Dynamic Gesture Recognition Based on MEMP Network

Future Internet 2019, 11(4), 91; https://doi.org/10.3390/fi11040091
by Xinyu Zhang * and Xiaoqiang Li
Reviewer 1: Anonymous
Reviewer 2: Anonymous
Reviewer 3: Anonymous
Future Internet 2019, 11(4), 91; https://doi.org/10.3390/fi11040091
Submission received: 12 March 2019 / Revised: 29 March 2019 / Accepted: 1 April 2019 / Published: 3 April 2019
(This article belongs to the Special Issue Innovative Topologies and Algorithms for Neural Networks)

Round  1

Reviewer 1 Report

Need some grammar check

Author Response

Dear sir or madam:

Thank you for reviewing my paper and for making valuable revisions.I have modified the paper according to your comments, please refer to the modification section below.



Reviewer 2 Report

The authors proposed a new approach composed of two known deep neural networks (3D CNN and ConvLSTM) for gesture recognition. The proposed approach was verified experimentally and the results were compared to those obtained by other approaches.
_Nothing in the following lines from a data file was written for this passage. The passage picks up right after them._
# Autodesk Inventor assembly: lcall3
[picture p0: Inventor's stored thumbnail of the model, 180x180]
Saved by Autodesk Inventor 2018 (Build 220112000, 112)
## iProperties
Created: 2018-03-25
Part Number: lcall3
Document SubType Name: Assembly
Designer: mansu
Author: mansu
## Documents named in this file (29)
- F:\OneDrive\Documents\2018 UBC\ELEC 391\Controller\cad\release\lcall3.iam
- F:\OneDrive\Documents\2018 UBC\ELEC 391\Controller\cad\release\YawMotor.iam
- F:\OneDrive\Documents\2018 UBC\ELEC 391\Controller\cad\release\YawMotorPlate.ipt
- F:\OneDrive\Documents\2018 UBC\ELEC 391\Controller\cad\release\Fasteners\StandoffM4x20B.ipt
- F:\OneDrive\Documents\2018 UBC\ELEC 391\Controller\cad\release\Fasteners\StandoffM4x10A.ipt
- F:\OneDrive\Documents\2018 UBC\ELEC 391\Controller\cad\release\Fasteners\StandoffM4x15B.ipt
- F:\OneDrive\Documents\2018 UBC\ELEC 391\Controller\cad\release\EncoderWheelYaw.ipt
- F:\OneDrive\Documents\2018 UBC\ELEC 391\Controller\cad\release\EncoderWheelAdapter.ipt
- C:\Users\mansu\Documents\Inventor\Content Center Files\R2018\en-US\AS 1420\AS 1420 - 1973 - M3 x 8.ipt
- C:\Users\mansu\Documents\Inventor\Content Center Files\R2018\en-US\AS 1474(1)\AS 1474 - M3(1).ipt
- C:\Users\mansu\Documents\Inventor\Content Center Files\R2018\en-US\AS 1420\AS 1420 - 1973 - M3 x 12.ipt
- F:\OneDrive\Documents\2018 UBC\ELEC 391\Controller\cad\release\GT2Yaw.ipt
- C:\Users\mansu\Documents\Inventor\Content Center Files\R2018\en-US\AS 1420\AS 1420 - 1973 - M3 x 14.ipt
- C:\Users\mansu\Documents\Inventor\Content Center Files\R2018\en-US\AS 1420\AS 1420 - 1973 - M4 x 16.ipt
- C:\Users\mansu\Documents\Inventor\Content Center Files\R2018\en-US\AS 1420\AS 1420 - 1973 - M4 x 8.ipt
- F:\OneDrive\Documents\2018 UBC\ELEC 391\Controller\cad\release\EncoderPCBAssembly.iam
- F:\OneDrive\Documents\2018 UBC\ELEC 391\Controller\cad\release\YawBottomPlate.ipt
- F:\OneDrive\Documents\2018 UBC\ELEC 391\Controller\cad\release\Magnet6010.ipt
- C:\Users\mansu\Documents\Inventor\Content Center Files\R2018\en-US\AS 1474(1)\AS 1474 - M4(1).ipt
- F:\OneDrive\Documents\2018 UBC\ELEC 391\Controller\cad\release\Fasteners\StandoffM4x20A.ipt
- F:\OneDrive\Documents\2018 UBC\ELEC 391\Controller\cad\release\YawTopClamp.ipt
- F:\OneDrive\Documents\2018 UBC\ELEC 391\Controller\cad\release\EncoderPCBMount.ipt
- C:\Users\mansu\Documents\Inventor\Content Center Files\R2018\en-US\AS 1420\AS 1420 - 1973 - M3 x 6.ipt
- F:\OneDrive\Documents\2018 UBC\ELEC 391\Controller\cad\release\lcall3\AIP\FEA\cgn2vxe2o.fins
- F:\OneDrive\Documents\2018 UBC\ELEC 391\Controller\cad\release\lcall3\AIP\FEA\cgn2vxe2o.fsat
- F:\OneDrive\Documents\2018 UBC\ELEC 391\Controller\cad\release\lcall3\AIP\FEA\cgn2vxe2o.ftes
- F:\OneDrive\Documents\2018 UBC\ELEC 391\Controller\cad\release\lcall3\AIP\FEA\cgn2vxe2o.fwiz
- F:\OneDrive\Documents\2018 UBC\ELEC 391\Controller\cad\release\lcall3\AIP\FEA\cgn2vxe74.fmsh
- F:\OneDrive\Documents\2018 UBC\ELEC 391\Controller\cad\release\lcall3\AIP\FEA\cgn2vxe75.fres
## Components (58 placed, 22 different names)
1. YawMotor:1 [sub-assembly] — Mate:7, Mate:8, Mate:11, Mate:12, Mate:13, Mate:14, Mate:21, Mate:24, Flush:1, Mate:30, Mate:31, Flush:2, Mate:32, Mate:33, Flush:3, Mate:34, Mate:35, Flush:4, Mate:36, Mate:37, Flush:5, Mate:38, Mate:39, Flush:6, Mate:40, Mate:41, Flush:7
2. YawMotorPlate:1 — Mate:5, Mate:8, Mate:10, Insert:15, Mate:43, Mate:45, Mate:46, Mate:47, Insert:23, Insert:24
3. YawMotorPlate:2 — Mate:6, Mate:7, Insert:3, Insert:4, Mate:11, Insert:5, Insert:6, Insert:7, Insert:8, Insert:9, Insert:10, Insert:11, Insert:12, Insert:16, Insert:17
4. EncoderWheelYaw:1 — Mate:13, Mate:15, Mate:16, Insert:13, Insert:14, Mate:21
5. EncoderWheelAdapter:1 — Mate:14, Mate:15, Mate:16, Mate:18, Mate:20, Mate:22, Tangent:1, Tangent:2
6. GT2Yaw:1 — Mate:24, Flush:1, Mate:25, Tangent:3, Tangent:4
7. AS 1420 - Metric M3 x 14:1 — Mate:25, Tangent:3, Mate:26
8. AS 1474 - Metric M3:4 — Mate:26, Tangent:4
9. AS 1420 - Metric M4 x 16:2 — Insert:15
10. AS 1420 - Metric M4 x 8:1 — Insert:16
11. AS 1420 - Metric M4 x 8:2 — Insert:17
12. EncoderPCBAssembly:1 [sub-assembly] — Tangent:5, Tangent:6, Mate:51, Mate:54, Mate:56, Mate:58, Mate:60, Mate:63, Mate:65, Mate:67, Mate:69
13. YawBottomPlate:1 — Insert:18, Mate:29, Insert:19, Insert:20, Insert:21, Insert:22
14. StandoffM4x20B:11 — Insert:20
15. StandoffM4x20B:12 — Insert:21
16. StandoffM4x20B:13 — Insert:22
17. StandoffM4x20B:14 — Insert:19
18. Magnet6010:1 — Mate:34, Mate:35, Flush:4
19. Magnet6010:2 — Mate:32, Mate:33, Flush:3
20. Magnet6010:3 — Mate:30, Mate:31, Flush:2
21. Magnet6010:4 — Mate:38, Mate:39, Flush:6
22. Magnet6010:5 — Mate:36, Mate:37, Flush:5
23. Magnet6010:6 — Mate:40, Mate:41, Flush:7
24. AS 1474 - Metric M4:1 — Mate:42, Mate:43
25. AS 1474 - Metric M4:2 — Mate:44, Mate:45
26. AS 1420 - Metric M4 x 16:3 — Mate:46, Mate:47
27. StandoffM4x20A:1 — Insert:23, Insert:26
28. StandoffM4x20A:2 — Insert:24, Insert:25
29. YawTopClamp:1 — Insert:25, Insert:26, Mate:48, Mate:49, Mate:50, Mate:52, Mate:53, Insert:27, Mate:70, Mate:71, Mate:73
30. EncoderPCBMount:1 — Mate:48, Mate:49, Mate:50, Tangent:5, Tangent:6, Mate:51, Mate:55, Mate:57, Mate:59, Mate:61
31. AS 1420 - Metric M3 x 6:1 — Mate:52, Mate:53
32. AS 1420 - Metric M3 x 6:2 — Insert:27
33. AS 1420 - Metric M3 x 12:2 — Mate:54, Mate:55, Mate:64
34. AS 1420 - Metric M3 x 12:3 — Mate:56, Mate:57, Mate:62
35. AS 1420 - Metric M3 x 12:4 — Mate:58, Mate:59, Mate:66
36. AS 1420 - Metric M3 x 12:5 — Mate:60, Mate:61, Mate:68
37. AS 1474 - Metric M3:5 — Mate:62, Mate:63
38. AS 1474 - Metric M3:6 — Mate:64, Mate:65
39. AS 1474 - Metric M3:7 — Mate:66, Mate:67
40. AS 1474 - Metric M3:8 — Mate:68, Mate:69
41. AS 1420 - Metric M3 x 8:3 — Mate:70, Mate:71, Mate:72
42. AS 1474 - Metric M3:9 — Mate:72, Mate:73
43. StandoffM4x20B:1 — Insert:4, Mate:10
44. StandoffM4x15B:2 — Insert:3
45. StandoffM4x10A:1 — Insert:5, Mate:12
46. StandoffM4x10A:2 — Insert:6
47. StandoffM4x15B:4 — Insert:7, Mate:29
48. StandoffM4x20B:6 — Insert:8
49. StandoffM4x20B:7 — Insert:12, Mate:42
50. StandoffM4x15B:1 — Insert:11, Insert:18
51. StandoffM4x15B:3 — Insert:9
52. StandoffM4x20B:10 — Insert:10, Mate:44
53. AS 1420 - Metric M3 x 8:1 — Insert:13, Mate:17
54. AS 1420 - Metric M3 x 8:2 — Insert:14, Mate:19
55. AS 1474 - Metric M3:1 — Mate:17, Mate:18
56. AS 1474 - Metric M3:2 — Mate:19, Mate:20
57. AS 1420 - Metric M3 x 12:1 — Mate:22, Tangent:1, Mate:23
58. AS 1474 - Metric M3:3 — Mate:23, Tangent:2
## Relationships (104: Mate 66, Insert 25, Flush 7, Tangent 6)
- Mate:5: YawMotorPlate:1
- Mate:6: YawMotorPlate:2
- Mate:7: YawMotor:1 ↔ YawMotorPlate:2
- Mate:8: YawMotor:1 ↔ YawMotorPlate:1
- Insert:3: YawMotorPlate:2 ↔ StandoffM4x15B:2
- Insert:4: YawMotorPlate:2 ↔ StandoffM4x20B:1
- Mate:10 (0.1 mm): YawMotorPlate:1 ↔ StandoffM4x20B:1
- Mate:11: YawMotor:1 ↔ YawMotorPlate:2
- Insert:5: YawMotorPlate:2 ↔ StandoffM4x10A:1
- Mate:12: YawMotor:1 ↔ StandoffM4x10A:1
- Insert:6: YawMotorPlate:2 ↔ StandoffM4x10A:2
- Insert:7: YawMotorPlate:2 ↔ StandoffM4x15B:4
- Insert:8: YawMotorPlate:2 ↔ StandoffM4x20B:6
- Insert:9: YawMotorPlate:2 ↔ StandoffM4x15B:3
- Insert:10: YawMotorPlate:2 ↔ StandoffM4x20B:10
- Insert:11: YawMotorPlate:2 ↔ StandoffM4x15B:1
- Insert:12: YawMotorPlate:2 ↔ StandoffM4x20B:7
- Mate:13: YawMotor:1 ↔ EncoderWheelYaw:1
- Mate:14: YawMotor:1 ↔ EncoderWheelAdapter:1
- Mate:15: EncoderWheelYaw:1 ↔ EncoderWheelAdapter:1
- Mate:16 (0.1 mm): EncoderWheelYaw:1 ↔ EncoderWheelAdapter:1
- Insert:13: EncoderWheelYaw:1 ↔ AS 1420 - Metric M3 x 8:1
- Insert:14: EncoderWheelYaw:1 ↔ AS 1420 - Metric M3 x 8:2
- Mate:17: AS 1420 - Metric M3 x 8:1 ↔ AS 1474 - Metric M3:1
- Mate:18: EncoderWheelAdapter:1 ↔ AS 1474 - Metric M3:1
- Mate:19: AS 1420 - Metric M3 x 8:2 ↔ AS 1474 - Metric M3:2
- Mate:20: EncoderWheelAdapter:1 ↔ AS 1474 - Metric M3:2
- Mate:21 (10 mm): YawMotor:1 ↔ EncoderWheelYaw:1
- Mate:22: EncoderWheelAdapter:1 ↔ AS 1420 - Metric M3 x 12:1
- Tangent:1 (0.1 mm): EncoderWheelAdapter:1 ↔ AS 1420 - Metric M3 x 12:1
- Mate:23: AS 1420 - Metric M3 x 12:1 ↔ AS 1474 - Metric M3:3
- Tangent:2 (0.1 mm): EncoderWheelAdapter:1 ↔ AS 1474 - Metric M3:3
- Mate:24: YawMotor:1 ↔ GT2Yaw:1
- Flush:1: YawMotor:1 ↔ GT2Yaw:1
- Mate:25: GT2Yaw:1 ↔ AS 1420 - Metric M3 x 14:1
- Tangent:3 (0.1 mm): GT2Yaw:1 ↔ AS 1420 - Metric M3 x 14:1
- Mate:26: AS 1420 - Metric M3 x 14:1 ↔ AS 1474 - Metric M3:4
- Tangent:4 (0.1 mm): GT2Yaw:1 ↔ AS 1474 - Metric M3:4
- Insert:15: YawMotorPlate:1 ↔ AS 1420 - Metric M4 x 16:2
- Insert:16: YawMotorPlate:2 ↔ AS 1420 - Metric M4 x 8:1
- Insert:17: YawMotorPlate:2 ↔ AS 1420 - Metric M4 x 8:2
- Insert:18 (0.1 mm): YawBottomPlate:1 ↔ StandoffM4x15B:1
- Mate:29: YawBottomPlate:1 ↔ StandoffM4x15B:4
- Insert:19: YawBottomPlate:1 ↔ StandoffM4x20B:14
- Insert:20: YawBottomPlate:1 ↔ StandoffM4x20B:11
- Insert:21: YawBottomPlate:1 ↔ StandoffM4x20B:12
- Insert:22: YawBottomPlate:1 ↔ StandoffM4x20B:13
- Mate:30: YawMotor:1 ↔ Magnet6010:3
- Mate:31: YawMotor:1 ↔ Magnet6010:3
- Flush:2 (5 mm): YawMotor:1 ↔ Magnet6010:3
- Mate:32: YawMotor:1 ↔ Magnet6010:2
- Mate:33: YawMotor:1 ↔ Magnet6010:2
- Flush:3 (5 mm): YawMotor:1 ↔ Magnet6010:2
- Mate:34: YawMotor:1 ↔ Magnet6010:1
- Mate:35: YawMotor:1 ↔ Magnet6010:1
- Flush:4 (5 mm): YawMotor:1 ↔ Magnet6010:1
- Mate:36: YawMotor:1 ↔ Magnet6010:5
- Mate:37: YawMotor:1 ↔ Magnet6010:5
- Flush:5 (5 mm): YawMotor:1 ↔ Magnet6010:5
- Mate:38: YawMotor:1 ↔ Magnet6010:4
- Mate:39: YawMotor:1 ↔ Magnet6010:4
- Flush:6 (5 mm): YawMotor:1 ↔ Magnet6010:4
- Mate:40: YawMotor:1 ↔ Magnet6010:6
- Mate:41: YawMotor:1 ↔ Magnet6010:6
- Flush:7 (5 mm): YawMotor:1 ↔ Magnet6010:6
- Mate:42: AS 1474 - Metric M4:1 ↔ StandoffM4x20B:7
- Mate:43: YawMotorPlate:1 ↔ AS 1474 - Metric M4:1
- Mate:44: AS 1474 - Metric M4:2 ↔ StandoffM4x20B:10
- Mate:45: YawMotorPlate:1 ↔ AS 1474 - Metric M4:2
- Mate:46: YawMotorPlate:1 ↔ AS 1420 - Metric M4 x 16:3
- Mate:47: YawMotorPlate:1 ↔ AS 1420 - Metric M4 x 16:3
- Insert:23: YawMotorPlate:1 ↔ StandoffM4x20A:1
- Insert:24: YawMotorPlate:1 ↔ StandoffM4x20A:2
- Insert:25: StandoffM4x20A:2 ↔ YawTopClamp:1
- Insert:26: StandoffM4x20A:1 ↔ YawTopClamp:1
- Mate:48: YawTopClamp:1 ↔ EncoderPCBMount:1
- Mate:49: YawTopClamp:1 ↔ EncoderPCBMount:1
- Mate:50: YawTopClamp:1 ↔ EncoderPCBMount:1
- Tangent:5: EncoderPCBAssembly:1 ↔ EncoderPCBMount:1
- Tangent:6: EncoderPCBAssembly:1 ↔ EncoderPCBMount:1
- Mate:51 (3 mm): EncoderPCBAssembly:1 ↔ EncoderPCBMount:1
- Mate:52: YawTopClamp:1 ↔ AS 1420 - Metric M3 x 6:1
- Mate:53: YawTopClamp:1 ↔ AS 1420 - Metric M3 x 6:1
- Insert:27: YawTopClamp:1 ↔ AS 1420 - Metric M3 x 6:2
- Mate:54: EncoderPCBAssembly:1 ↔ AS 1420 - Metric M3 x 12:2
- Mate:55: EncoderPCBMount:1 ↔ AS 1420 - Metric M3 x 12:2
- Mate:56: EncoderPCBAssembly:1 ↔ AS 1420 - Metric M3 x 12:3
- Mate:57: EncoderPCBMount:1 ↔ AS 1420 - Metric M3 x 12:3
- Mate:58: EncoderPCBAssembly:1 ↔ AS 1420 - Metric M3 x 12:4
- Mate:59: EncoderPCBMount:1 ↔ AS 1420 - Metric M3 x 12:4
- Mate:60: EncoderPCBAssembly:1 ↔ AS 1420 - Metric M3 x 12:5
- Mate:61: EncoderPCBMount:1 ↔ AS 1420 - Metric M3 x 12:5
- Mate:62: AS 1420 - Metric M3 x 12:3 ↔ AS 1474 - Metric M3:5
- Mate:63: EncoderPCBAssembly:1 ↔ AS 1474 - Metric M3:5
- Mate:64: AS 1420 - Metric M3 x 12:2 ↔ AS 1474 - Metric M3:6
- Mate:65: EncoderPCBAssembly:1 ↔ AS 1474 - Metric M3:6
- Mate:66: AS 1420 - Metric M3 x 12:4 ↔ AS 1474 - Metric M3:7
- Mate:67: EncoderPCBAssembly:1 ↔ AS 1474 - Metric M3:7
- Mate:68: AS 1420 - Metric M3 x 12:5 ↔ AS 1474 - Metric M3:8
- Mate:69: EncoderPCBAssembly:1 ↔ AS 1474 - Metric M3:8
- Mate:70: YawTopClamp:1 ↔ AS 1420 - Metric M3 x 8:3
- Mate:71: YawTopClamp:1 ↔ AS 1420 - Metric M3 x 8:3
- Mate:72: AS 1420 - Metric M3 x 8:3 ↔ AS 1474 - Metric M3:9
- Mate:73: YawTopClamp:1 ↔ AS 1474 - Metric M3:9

The following issues should be addressed:

1. Please thoroughly analyze the pros and cons of the proposed method when compared with other state-of-the-art approaches.

2. The English language should be corrected – there are grammar and style errors. The paper should be corrected by a professional service.


Author Response

Dear sir or madam:

Thank you for reviewing my paper and for making valuable revisions. I have modified the paper according to your comments, please refer to the modification section below.




Point 1. Please thoroughly analyze the pros and cons of the proposed method when compared with other state-of-the-art approaches.

Response 1: I added the current popular ResNet and 3DResNet in the experimental part of the IsoGD dataset experiment. The residual network is suitable for large data sets. Some time ago I also used the residual network to train the LSA dataset and the SKIG dataset, but the effect was not good.

Point 2. The English language should be corrected – there are grammar and style errors. The paper should be corrected by a professional service.

Response 2: I have carefully checked the whole grammar and revised it.


Reviewer 3 Report

The paper proposes a novel model called MEMP for dynamic gesture recognition. The model is interesting and the results are convincing. Regarding the current manuscript, I have the following concerns:


1. The authors should describe the structure of the manuscript at the end of Introduction.


2. What are the main contributions of this paper? They should be listed in Introduction.


3. In Figure 1, are the red or green bars are feature vectors? The authors should explain the figure in detail.


4. The authors don't need to list the first three authors of a reference when introducing their work. Usually, listing the Last name of the first two authors is ok.


5. I suggest the authors list the statistical information of the datasets in a table.


6. What is the relationship between Figure 1 and Figure 2?


7. How did the authors split your data for training, validation, and testing? 


8. The authors say "SVM is often paired with HOG(Histogram of Oriented Gradient) to realize the static gesture recognition of images". Why not compare the proposed approach with such traditional methods?


9. Besides keras, what are the environments of hardware and software?  The authors should discuss the running time of the proposed approach.


10. What are the limitations of the proposed approach?


11. Why does the MEMP work for dynamic gesture recognition? What are its advantages?


12. Many typos or grammatical errors in the current version. The authors need to doublecheck the manuscript.


For example, in Abstract, "three data sets(LSA64, SKIG and Chalearn 2016) is..." is=>are

"Although 2D CNN extract..." extract=>extracts

"Figure 4 respectively show..." show=>shows

...

and so many others


13. BTW, I suggest that the authors provide the line number in the paper for review.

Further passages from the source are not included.